(Stored dataset items)

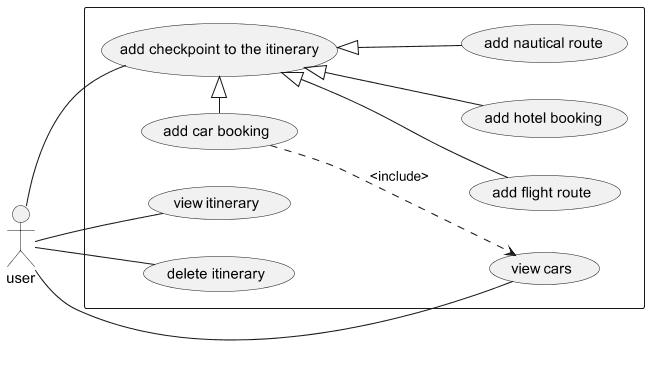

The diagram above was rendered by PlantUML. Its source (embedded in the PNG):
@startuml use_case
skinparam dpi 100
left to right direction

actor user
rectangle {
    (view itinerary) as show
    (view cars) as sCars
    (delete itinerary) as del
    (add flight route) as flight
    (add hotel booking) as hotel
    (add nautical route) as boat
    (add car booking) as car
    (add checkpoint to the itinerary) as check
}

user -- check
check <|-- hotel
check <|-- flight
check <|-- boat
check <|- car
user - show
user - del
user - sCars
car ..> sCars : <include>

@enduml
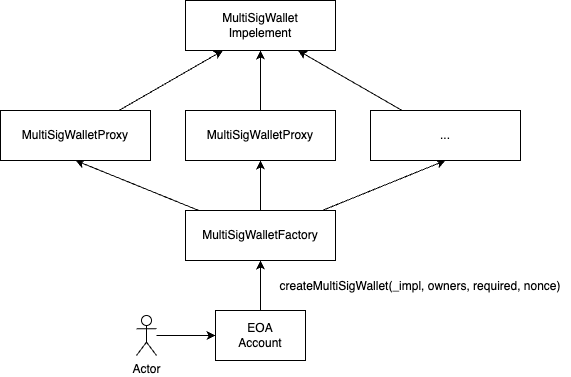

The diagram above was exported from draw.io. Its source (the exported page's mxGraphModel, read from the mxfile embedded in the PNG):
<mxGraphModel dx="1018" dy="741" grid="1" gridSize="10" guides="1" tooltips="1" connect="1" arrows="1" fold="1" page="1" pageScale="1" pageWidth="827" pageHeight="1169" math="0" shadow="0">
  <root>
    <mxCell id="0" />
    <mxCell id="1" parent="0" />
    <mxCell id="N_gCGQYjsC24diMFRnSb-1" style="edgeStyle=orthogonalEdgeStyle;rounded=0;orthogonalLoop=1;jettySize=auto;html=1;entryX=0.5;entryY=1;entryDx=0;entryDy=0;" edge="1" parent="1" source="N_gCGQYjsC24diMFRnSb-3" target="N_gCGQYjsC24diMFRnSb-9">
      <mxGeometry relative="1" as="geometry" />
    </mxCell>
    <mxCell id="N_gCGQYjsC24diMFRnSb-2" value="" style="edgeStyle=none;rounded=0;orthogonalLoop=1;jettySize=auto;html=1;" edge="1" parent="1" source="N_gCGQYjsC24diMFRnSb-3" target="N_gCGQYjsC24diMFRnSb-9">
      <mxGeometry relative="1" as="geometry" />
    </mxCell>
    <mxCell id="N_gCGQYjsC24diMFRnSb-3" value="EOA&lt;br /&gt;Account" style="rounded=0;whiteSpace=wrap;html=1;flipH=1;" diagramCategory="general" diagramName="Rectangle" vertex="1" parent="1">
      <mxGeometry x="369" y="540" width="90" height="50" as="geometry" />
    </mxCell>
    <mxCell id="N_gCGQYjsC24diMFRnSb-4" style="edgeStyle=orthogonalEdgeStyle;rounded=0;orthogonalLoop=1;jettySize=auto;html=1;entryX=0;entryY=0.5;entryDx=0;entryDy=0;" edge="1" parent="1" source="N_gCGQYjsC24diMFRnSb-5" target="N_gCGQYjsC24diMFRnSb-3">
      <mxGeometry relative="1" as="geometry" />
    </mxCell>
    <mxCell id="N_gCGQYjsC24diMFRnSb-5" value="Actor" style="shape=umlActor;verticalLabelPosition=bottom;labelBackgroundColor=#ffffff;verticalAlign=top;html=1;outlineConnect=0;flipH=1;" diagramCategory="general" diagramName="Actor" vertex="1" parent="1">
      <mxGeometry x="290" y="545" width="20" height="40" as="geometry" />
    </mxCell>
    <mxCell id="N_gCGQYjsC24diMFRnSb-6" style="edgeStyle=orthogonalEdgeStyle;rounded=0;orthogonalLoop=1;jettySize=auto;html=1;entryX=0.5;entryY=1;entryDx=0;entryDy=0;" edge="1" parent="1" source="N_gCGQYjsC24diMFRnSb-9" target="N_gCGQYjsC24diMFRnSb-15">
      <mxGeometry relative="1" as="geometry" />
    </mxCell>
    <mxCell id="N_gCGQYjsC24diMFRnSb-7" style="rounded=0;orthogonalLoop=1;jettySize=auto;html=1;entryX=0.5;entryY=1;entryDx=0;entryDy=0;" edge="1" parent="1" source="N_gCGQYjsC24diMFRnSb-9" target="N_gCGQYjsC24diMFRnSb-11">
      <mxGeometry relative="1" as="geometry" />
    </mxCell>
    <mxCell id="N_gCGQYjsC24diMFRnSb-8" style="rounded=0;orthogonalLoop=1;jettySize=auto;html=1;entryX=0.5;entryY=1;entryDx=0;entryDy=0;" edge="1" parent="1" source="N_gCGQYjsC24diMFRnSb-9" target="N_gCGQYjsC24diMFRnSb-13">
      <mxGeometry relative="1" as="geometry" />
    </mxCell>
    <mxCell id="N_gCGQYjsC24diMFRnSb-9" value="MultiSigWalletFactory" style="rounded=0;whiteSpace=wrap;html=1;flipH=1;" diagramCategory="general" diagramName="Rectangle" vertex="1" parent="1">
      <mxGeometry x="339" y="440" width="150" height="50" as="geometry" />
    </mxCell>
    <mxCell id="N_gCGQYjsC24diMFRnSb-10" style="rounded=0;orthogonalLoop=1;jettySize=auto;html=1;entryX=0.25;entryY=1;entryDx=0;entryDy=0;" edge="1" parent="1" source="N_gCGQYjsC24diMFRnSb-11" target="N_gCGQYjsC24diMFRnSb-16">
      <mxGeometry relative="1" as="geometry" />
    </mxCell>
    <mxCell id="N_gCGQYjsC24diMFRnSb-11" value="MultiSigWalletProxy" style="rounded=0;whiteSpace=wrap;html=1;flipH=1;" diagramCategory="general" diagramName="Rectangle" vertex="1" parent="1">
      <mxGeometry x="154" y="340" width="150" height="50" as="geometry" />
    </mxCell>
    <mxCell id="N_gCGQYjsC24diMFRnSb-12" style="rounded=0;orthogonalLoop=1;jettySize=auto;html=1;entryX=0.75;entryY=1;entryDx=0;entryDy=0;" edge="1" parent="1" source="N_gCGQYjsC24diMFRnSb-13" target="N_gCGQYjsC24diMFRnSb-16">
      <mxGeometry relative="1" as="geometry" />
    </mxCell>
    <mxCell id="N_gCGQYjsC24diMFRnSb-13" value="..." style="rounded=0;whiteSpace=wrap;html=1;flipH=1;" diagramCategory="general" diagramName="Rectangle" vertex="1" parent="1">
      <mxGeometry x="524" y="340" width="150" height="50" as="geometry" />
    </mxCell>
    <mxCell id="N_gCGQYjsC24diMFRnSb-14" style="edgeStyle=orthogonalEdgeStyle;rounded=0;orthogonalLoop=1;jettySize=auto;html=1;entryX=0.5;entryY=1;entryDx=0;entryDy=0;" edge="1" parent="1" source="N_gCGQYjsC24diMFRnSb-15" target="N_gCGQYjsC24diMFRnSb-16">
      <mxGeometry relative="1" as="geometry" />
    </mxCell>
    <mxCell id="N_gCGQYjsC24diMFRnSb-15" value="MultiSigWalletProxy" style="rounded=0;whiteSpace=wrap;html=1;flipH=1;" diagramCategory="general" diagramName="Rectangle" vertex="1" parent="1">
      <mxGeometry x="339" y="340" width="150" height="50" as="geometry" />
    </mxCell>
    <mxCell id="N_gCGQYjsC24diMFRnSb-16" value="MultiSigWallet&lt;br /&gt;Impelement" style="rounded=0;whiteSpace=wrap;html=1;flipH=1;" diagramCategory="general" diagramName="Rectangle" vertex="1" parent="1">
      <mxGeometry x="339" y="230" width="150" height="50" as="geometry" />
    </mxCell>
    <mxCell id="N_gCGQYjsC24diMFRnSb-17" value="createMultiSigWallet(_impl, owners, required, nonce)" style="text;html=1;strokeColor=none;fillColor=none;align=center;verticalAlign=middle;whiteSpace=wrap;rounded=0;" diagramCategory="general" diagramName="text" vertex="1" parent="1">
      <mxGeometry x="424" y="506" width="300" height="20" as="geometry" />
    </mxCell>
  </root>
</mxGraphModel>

**Your goal**: Could you find each line in the entries that contains the string "above" and copy it?

**Answer to the exercise**:
The diagram above was rendered by PlantUML. Its source (embedded in the PNG):
The diagram above was exported from draw.io. Its source (the exported page's mxGraphModel, read from the mxfile embedded in the PNG):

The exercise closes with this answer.